__The task__
Among the entries below, find the lines with "picture" and copy them.

__Data excerpts__
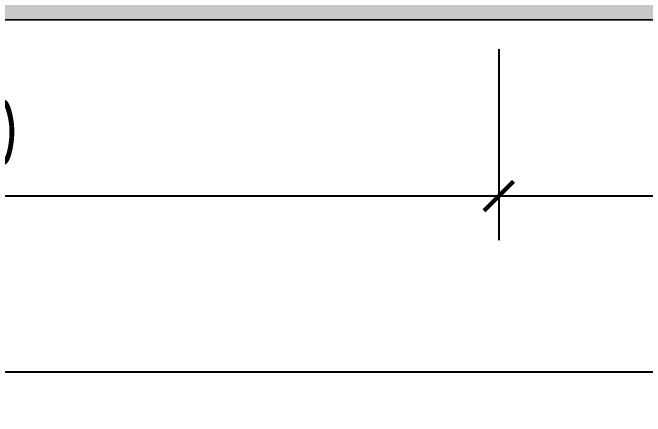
# Model space of a CAD drawing. Header units: millimetres. Extents: x 3162 to 221128, y -144913 to 11496.
# Drawn here: x 50703 to 51242, y -135482 to -135138 of the extents above; entities that cross this region are included whole.
import ezdxf

# ---------------------------------------------------------------- set-up
doc = ezdxf.new("R2010")
doc.units = ezdxf.units.MM
doc.header["$LTSCALE"] = 10
doc.layers.get('Defpoints').update_dxf_attribs({"color": 250})
for name, color, linetype, lineweight in [('FC-Hatch【平面填充】', 250, 'Continuous', 0), ('RC-dimensions', 44, 'Continuous', 0), ('Wall【立面墙】', 252, 'Continuous', 0)]:
    doc.layers.add(name, color=color, linetype=linetype, lineweight=lineweight)
doc.styles.add('尺寸标注', font='ARCHS.SHX', dxfattribs={"width": 0.8})
doc.dimstyles.new('海龙1：25', dxfattribs={"dimscale": 25, "dimtxt": 2.25, "dimasz": 1, "dimexe": 1.5, "dimexo": 1, "dimgap": 1, "dimtad": 1, "dimdec": 0, "dimrnd": 5, "dimdsep": 46, "dimtxsty": '尺寸标注', "dimblk": 'ARCHTICK', "dimblk1": 'ARCHTICK', "dimblk2": 'ARCHTICK', "dimcen": 1, "dimclrd": 44, "dimclre": 44, "dimclrt": 2, "dimadec": 0, "dimazin": 0, "dimtfac": 1, "dimtdec": 0, "dimtix": 1, "dimtmove": 2, "dimatfit": 3, "dimldrblk": 'hl_arrow2', "dimfxl": 5, "dimfxlon": 1, "dimarcsym": 0})

# ---------------------------------------------------------------- blocks, each defined once
blk = doc.blocks.new('_ArchTick')
at = {"color": 2, "linetype": 'ByBlock', "const_width": 0.15}
blk.add_lwpolyline([(-0.5, -0.5), (0.5, 0.5)], dxfattribs=at)
blk = doc.blocks.new('*D1765')
at = {"layer": 'Defpoints', "color": 0, "transparency": 16777216}
for p in [(50217.08, -135144.12), (56217.08, -135144.12), (50217.08, -135444.12)]:
    blk.add_point(p, dxfattribs=at)
at = {"layer": 'RC-dimensions', "color": 44, "lineweight": -2, "transparency": 16777216}
for p, q in [((50217.08, -135319.12), (50217.08, -135481.62)), ((56217.08, -135319.12), (56217.08, -135481.62)), ((56217.08, -135444.12), (50217.08, -135444.12))]:
    blk.add_line(p, q, dxfattribs=at)
at = {"layer": 'RC-dimensions', "color": 44, "lineweight": -2, "transparency": 16777216, "xscale": 25, "yscale": 25, "zscale": 25, "rotation": 180}
blk.add_blockref('_ArchTick', (50217.08, -135444.12), dxfattribs=at)
at = {"layer": 'RC-dimensions', "color": 44, "lineweight": -2, "transparency": 16777216, "xscale": 25, "yscale": 25, "zscale": 25}
blk.add_blockref('_ArchTick', (56217.08, -135444.12), dxfattribs=at)
at = {"layer": 'RC-dimensions', "color": 2, "transparency": 16777216, "insert": (53217.08, -135390.99), "char_height": 56.25, "attachment_point": 5, "style": '尺寸标注'}
blk.add_mtext('6000', dxfattribs=at)
blk = doc.blocks.new('hl_arrow2')
at = {"color": 2}
blk.add_line((-0.221, 0), (-1, 0), dxfattribs=at)
blk.add_lwpolyline([(-0.221, 0), (-0.861, -0.689), (-0.654, -0.862), (0, 0), (-0.654, 0.862), (-0.861, 0.689)], close=True, dxfattribs=at)
for points in [[(-0.861, 0.689), (-0.654, 0.862), (-0.221, 0), (0, 0)], [(-0.861, -0.689), (-0.654, -0.862), (-0.221, 0), (0, 0)]]:
    blk.add_solid(points, dxfattribs=at)
blk = doc.blocks.new('*D1784')
at = {"layer": 'Defpoints', "color": 0, "transparency": 16777216}
for p in [(50217.08, -135144.12), (51117.08, -135144.12), (50217.08, -135294.12)]:
    blk.add_point(p, dxfattribs=at)
at = {"layer": 'RC-dimensions', "color": 44, "lineweight": -2, "transparency": 16777216}
for p, q in [((50217.08, -135169.12), (50217.08, -135331.62)), ((51117.08, -135169.12), (51117.08, -135331.62)), ((51117.08, -135294.12), (50217.08, -135294.12))]:
    blk.add_line(p, q, dxfattribs=at)
at = {"layer": 'RC-dimensions', "color": 44, "lineweight": -2, "transparency": 16777216, "xscale": 25, "yscale": 25, "zscale": 25, "rotation": 180}
blk.add_blockref('_ArchTick', (50217.08, -135294.12), dxfattribs=at)
at = {"layer": 'RC-dimensions', "color": 44, "lineweight": -2, "transparency": 16777216, "xscale": 25, "yscale": 25, "zscale": 25}
blk.add_blockref('_ArchTick', (51117.08, -135294.12), dxfattribs=at)
at = {"layer": 'RC-dimensions', "color": 2, "transparency": 16777216, "insert": (50667.08, -135239.82), "char_height": 56.25, "attachment_point": 5, "style": '尺寸标注'}
blk.add_mtext('900', dxfattribs=at)
blk = doc.blocks.new('*D1785')
at = {"layer": 'Defpoints', "color": 0, "transparency": 16777216}
for p in [(51117.08, -135144.12), (52017.08, -135144.12), (51117.08, -135294.12)]:
    blk.add_point(p, dxfattribs=at)
at = {"layer": 'RC-dimensions', "color": 44, "lineweight": -2, "transparency": 16777216}
for p, q in [((51117.08, -135169.12), (51117.08, -135331.62)), ((52017.08, -135169.12), (52017.08, -135331.62)), ((52017.08, -135294.12), (51117.08, -135294.12))]:
    blk.add_line(p, q, dxfattribs=at)
at = {"layer": 'RC-dimensions', "color": 44, "lineweight": -2, "transparency": 16777216, "xscale": 25, "yscale": 25, "zscale": 25, "rotation": 180}
blk.add_blockref('_ArchTick', (51117.08, -135294.12), dxfattribs=at)
at = {"layer": 'RC-dimensions', "color": 44, "lineweight": -2, "transparency": 16777216, "xscale": 25, "yscale": 25, "zscale": 25}
blk.add_blockref('_ArchTick', (52017.08, -135294.12), dxfattribs=at)
at = {"layer": 'RC-dimensions', "color": 2, "transparency": 16777216, "insert": (51567.08, -135239.82), "char_height": 56.25, "attachment_point": 5, "style": '尺寸标注'}
blk.add_mtext('900', dxfattribs=at)

msp = doc.modelspace()

# ---------------------------------------------------------------- hatches: boundary and pattern name
at = {"layer": 'FC-Hatch【平面填充】'}
h = msp.add_hatch(dxfattribs=at)
h.set_pattern_fill('钢筋混凝土', color=256, scale=50, angle=180, style=0, pattern_type=2)
h.set_pattern_definition([(225, (0, 812.417), (35.355339, -35.355339), []), (230, (0, 812.42), (-71.726018, 6.275218), [7.5, -82.5]), (175, (0, 812.42), (13.87511, -75.219228), [6, -66]), (280.4514, (-5.98, 812.94), (-57.85092, -68.94393), [6.374, -70.1142]), (226.1842, (-2e-15, 792.42), (-106.724086, 16.55189), [11.25, -123.75]), (276.6356, (-8.89, 793.8), (-93.46626, -97.41178), [9.56105, -105.1713]), (171.1842, (-2e-15, 792.42), (-93.46618, -97.41189), [9, -99]), (201, (-10, 797.42), (-59.690703, 40.261893), [7.5, -82.5]), (146, (-10, 797.42), (-24.33156, -72.515006), [6, -66]), (251.4514, (-14.974, 800.77), (-84.022234, -32.253037), [6.374, -70.1142]), (217.5, (0, 812.417), (-1.2159855, -33.2893854), [0.5, -65.2, 0.5, -67, 0.5, -66.25]), (187.5, (0, 812.417), (-26.306954, -39.441171), [0.5, -38.2, 0.5, -63.7, 0.5, -25.25]), (147.5, (22.3, 812.417), (-53.3822436, 2.255487), [0.5, -25, 0.5, -78, 0.5, -103.5]), (137.5, (32.3, 812.417), (-58.318617, -10.010498), [0.5, -32.5, 0.5, -51.8, 0.5, -73.5])])
h.paths.add_polyline_path([(49917.08, -135144.12), (49917.08, -135044.12), (56517.08, -135044.12), (56517.08, -135144.12)])

# ---------------------------------------------------------------- linework, layer by layer
at = {"layer": 'Wall【立面墙】'}
msp.add_lwpolyline([(49917.08, -135144.12), (49917.08, -135144.12), (56517.08, -135144.12), (56517.08, -135144.12)], close=True, dxfattribs=at)

# ---------------------------------------------------------------- dimensions: what is measured, and where the dimension line sits
at = {"layer": 'RC-dimensions'}
for base, p1, p2, picture, middle in [((50217.08, -135444.12), (56217.08, -135144.12), (50217.08, -135144.12), '*D1765', (53217.08, -135390.99)), ((50217.08, -135294.12), (51117.08, -135144.12), (50217.08, -135144.12), '*D1784', (50667.08, -135239.82)), ((51117.08, -135294.12), (52017.08, -135144.12), (51117.08, -135144.12), '*D1785', (51567.08, -135239.82))]:
    dim = msp.add_linear_dim(base=base, p1=p1, p2=p2, angle=180, dimstyle='海龙1：25', override={"dimscale": 25, "dimtxsty": '尺寸标注', "dimblk1": 'ArchTick', "dimblk2": 'ArchTick', "dimsah": 1, "dimclrt": 2}, dxfattribs=at)
    dim.commit()
    dim.dimension.update_dxf_attribs({"geometry": picture, "text_midpoint": middle})

doc.saveas('drawing.dxf')

__Task output__
for base, p1, p2, picture, middle in [((50217.08, -135444.12), (56217.08, -135144.12), (50217.08, -135144.12), '*D1765', (53217.08, -135390.99)), ((50217.08, -135294.12), (51117.08, -135144.12), (50217.08, -135144.12), '*D1784', (50667.08, -135239.82)), ((51117.08, -135294.12), (52017.08, -135144.12), (51117.08, -135144.12), '*D1785', (51567.08, -135239.82))]:
    dim.dimension.update_dxf_attribs({"geometry": picture, "text_midpoint": middle})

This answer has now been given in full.